From an investing standpoint, which is where I am, it doesn't matter why or how a currency is maintained, all that matters is the bottom line cost. Centralized, decentralized, all things considered, which is the cheaper way to do business? That is my question.

To simplify things, lets imagine that we are in 2040 and that there are no more Bitcoins entering the market. Will the market cost of solving these algorithms on the Bitcoin network be less than that of centralized systems doing the same work? I honestly don't know but the next question to ask is this:

As transaction volume goes up on the BTC network, is the average transaction cost (after 2040) going to look like a negative exponential curve, will it be linear, or will it be exponential? Would love to hear anyone's response on this one. **

On the other hand when looking at CC's, will fraud become more or less prevalent in the future? I read that fraud prevention accounts for 40% of CC company costs. If fraud declines because cyber security improves over time, or if the general population becomes more educated on identity protection, then this will lower the cost of CC transaction fees.

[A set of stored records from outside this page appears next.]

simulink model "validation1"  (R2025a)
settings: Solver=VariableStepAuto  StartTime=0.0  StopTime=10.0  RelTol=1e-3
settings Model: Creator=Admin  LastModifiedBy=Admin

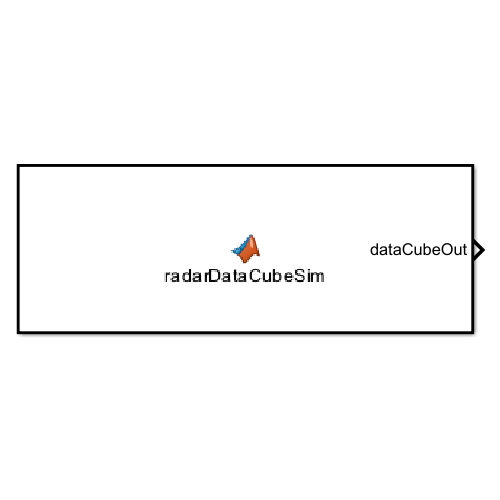
[thumbnail: Simulink's stored preview of the top-level diagram]
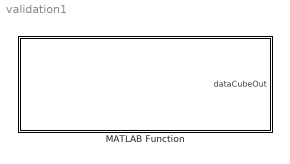
== system validation1 ==
  MATLAB Function : MATLAB Function  TreatAsAtomicUnit=on

== matlab function validation1/MATLAB Function ==
  data: dataCubeOut output
function dataCubeOut = radarDataCubeSim()
%#codegen
% Simulink-compatible function to generate radar data cube with matched filtering

%% === Parameters ===
numPulses   = 64;       % Number of pulses (slow time)
numChannels = 8;        % Number of array elements
fc          = 1e9;      % Carrier frequency (Hz)
c           = physconst('LightSpeed');
fs          = 20e6;     % Sampling frequency
PRF         = 10e3;     % Pulse Repetition Frequency
pw          = 33e-6;    % Pulse width
tx_gain     = 20;       % dB
peakPower   = 5000;     % W
target_range= 10000;    % m
target_rcs  = 5;        % m²

%% === Array & Waveform ===
antenna = phased.IsotropicAntennaElement( ...
    'FrequencyRange',[800e6 1.2e9]);
array = phased.ULA('NumElements',numChannels, ...
    'ElementSpacing',0.5*(c/fc),'Element',antenna);

waveform = phased.RectangularWaveform( ...
    'SampleRate',fs,'PRF',PRF,'PulseWidth',pw);

%% === Radar Components ===
transmitter = phased.Transmitter( ...
    'Gain',tx_gain,'PeakPower',peakPower);

target = phased.RadarTarget( ...
    'MeanRCS',target_rcs,'OperatingFrequency',fc);

channel = phased.FreeSpace( ...
    'SampleRate',fs,'TwoWayPropagation',false, ...
    'OperatingFrequency',fc);

collector = phased.Collector('Sensor',array, ...
    'OperatingFrequency',fc);

receiver = phased.ReceiverPreamp( ...
    'Gain',0,'NoiseFigure',0,'SampleRate',fs);

%% === Matched Filter (for pulse compression) ===
mf = phased.MatchedFilter('Coefficients',getMatchedFilter(waveform));

%% === Data Cube Initialization ===
samplesPerPulse = round(fs/PRF);
dataCube = complex(zeros(samplesPerPulse,numPulses,numChannels));

%% === Positions and Velocities ===
radarPos   = [0;0;0];
radarVel   = [0;0;0];
targetPos  = [target_range;0;0];
targetVel  = [0;0;0];

%% === Loop over pulses ===
for p = 1:numPulses
    % Generate one pulse
    sig = waveform();
    txsig = transmitter(sig);

    % Propagate to target
    propSig = channel(txsig,radarPos,targetPos,radarVel,targetVel);

    % Reflection
    reflSig = target(propSig);

    % Back to radar
    rxSig = channel(reflSig,targetPos,radarPos,targetVel,radarVel);

    % Array collection
    collected = collector(rxSig,[0;0]);

    % Receiver front-end
    rx = receiver(collected);

    % Matched filtering
    mfOut = mf(rx);

    % Store into cube
    dataCube(:,p,:) = mfOut(1:samplesPerPulse,:);
end

%% === Output ===
dataCubeOut = dataCube;

end

Other things to consider are: Electricity cost in the future, precious metal costs in the future, Moore's law, and open internet to name a few. BTC is more sensitive to these variables than conventional means of transaction processing.

P.S.

Quote
FYI those figures are well-known to be overstated because miners don't use equipment they calculate for. Blockchain should update for the efficiency of ASICs

The chart shows BTC payout per volume, I don't see how an increase in efficiency would change anything on this chart. To my understanding it is simply 3600/daily volume. Please explain.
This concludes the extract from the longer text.